Substitute $56$ for $A$, $26$ for $Z$, $1.007 825 \text{u}$ for $M\left(\text{H}\right)$, $30$ for $N$, $1.008 665 \text{u}$ for $m_n$ and $55.934 942 \text{u}$ for $M\left(\text{X}\right)$ in equation I.

    $\begin{array}{c}\frac{E_b}{A}=\frac{\left[\left(26\right)\left(1.007 825 \text{u}\right)+\left(30\right)\left(1.008 665 \text{u}\right)-55.934 942 \text{u}\right]}{56}\left(\frac{931.5\text{ MeV}}{\text{u}}\right)\\ =8.79\text{ MeV}\end{array}$

Therefore, the binding energy per nucleon for ${}^{56}\text{Fe}$ is $\text{8}\text{.79 MeV}$.

(d)

To determine

Find the binding energy per nucleon for ${}^{238}\text{U}$.

Answer to Problem 15P

The binding energy per nucleon for ${}^{238}\text{U}$ is $\text{7}\text{.57 MeV}$.

Explanation of Solution

Use the previous section equation.

Conclusion:

Substitute $238$ for $A$, $92$ for $Z$, $1.007 825 \text{u}$ for $M\left(\text{H}\right)$, $146$ for $N$, $1.008 665 \text{u}$ for $m_n$ and $238.050 783\text{ u}$ for $M\left(\text{X}\right)$ in equation I.

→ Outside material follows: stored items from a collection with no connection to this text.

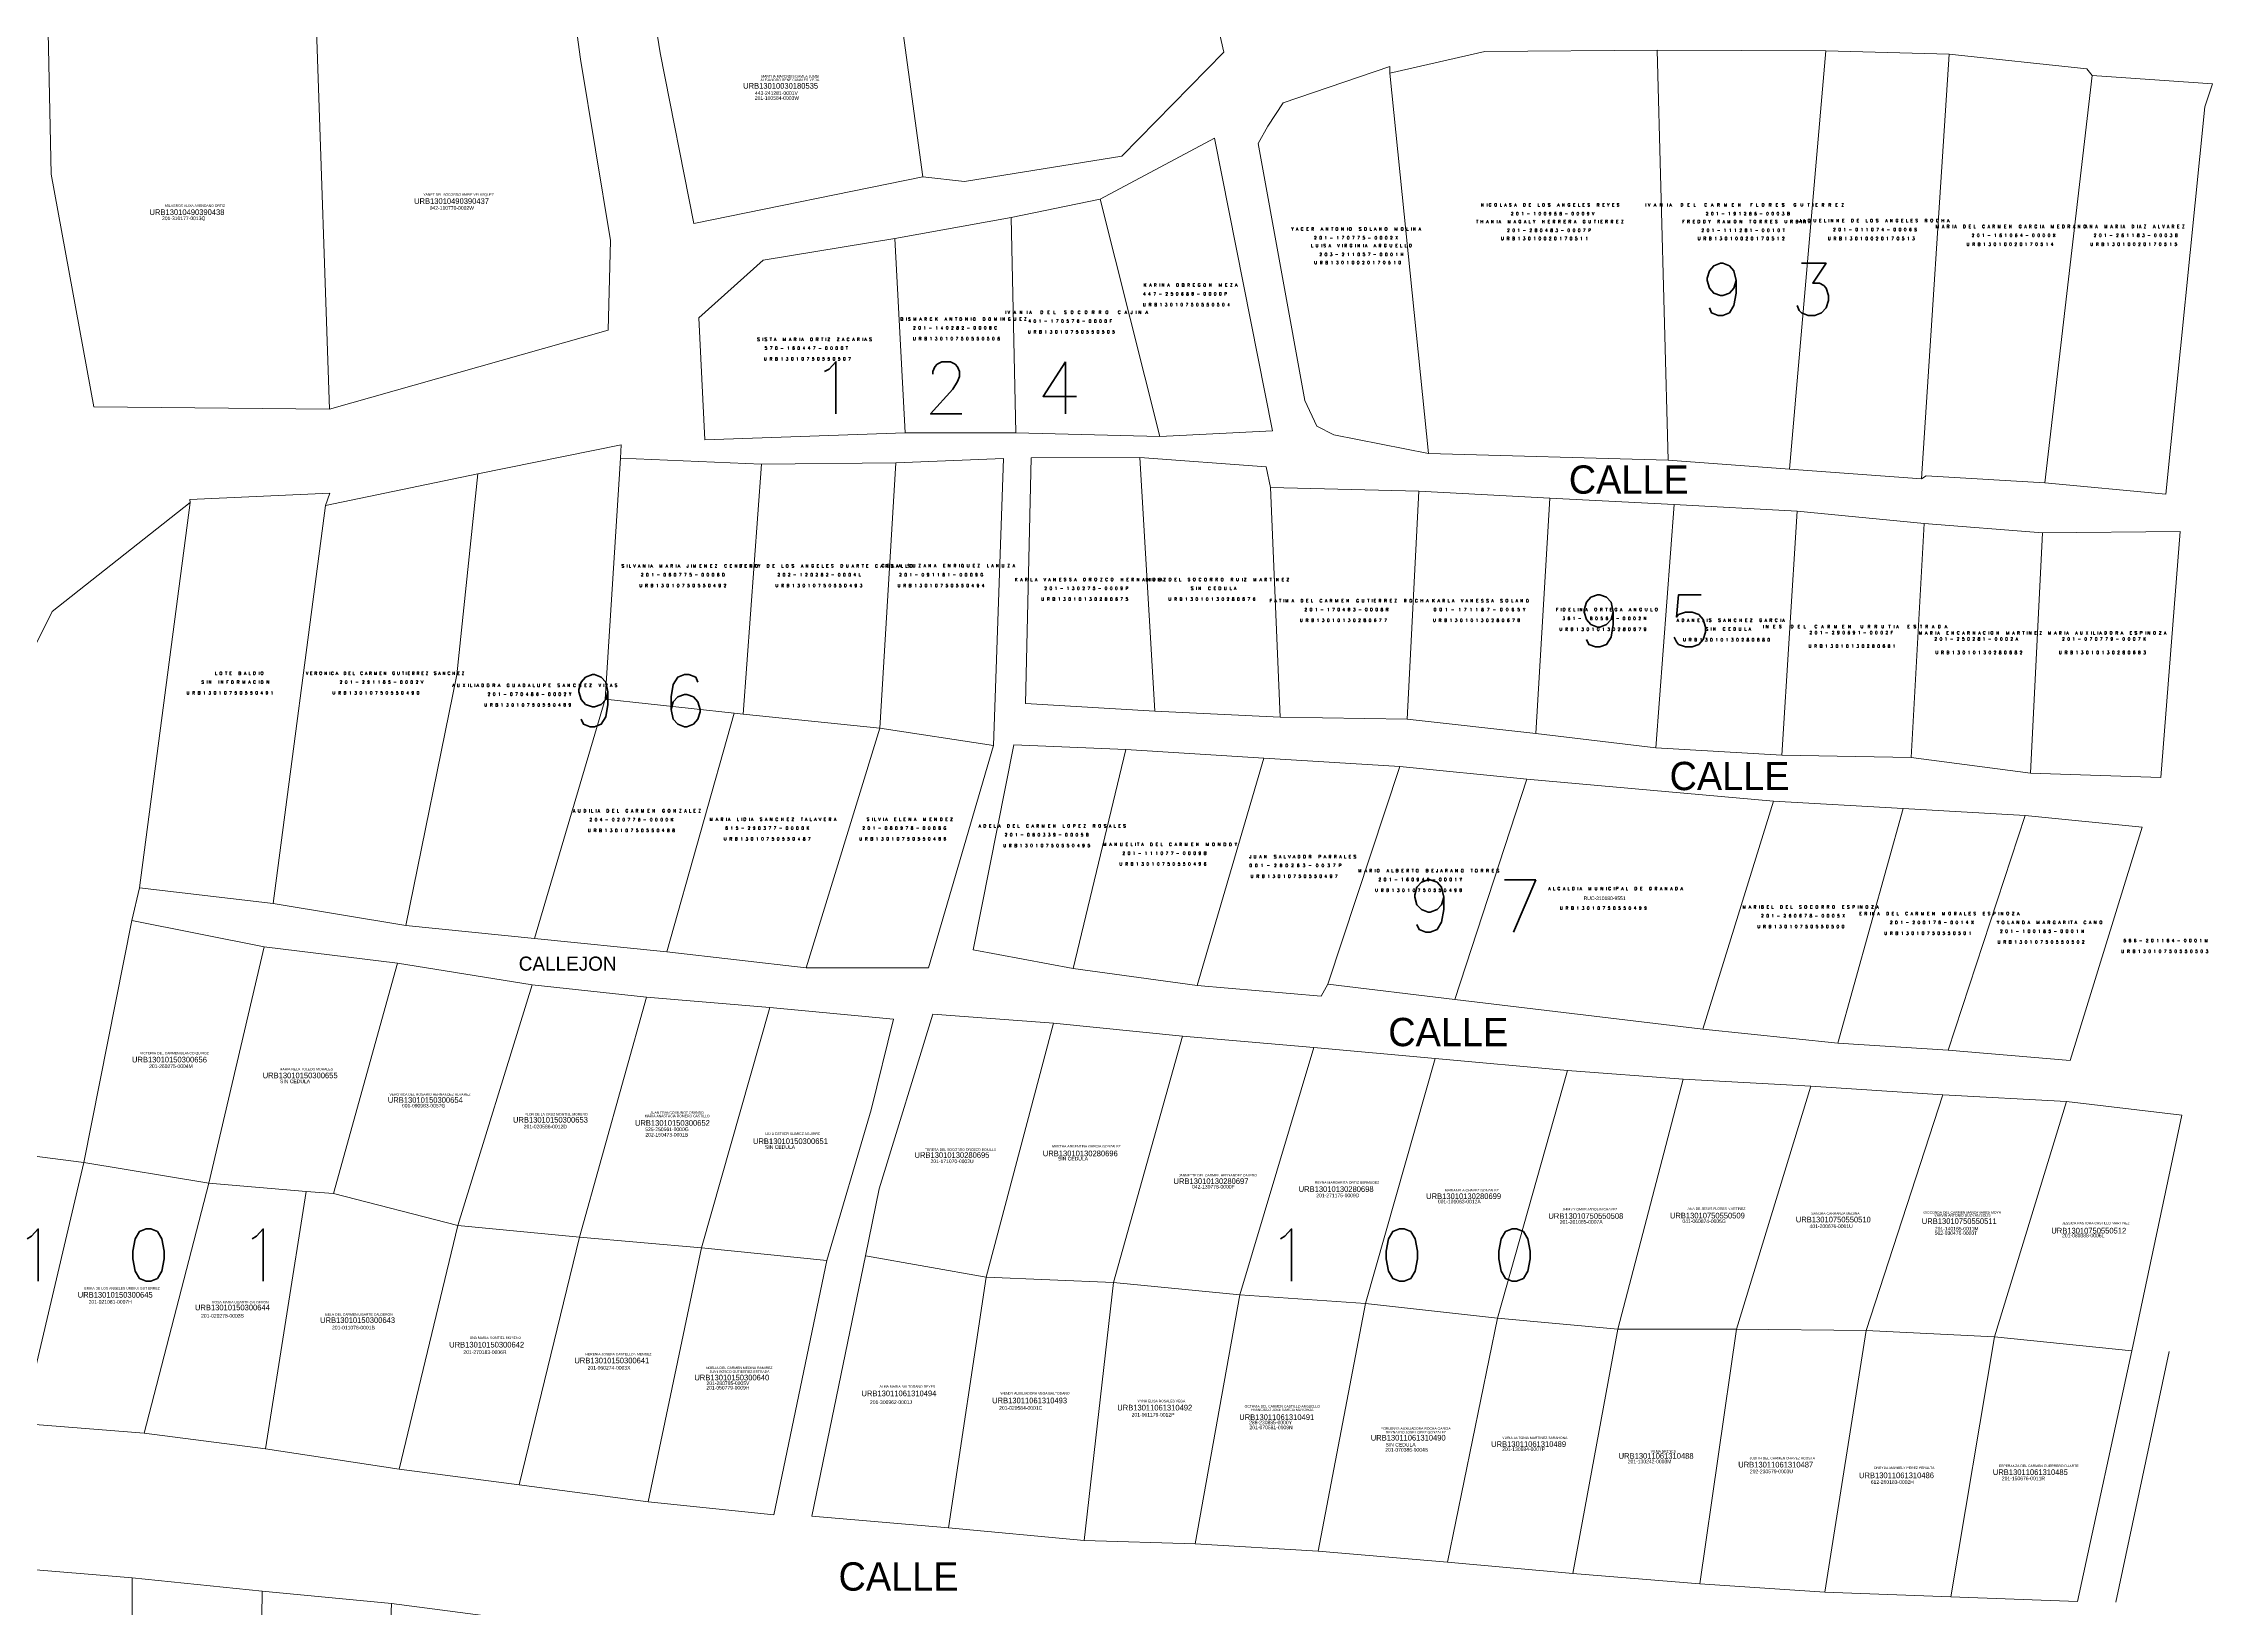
# Model space of a CAD drawing. Header units: metres. Extents: x 610261 to 617471, y 1314831 to 1317846.
# Drawn here: x 617327.3 to 617470.9, y 1316805.4 to 1316909.1 of the extents above; entities that cross this region are included whole.
import ezdxf

# ---------------------------------------------------------------- set-up
doc = ezdxf.new("R2010")
doc.units = ezdxf.units.M
for name, color, linetype, lineweight in [('101', 3, 'Continuous', 0), ('1ER CEDULA', 7, 'Continuous', 0), ('1ER PROPIETARIO', 150, 'Continuous', 0), ('2DA CEDULA', 7, 'Continuous', 0), ('2DO PROPIETARIO', 7, 'Continuous', 0), ('486', 7, 'Continuous', 0), ('4861', 7, 'Continuous', 0), ('CALLES', 7, 'Continuous', 0), ('NumMZLote', 172, 'Continuous', 0)]:
    doc.layers.add(name, color=color, linetype=linetype, lineweight=lineweight)
doc.styles.add('Style-ENGINEERING', font='ENGINEERING.shx')
doc.styles.add('Style-Txt', font='txt_____.ttf')

msp = doc.modelspace()

# ---------------------------------------------------------------- linework, layer by layer
at = {"layer": '486', "linetype": 'Continuous', "lineweight": 0}
for points in [[(617383.33621, 1316916.22546), (617385.50755, 1316900.22067)], [(617345.36083, 1316909.95874), (617346.22455, 1316884.84167)], [(617434.15555, 1316908.61267), (617434.87255, 1316881.46267)], [(617445.31755, 1316908.56967), (617442.90094, 1316880.87326)], [(617451.65355, 1316880.23067), (617453.47855, 1316908.36067)], [(617416.44055, 1316907.09067), (617419.01055, 1316881.91067)], [(617462.96155, 1316906.95467), (617459.82355, 1316879.95367)], [(617467.83155, 1316879.21767), (617470.40996, 1316904.87476)], [(617397.25055, 1316898.75167), (617401.21155, 1316883.03867)], [(617391.35455, 1316897.54067), (617391.66355, 1316883.28367)], [(617383.65455, 1316896.13567), (617384.34955, 1316883.27967)], [(617364.47261, 1316865.62126), (617365.47755, 1316881.58967)], [(617374.81855, 1316881.19067), (617373.61949, 1316864.63403)], [(617383.72655, 1316881.28367), (617382.67299, 1316863.71523)], [(617399.89055, 1316881.64267), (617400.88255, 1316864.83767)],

    $\begin{array}{c}\frac{E_b}{A}=\frac{\left[\left(92\right)\left(1.007 825 \text{u}\right)+\left(146\right)\left(1.008 665 \text{u}\right)-238.050 783\text{ u}\right]}{238}\left(\frac{931.5\text{ MeV}}{\text{u}}\right)\\ =7.57\text{ MeV}\end{array}$

Therefore, the binding energy per nucleon for ${}^{238}\text{U}$ is $\text{7}\text{.57 MeV}$.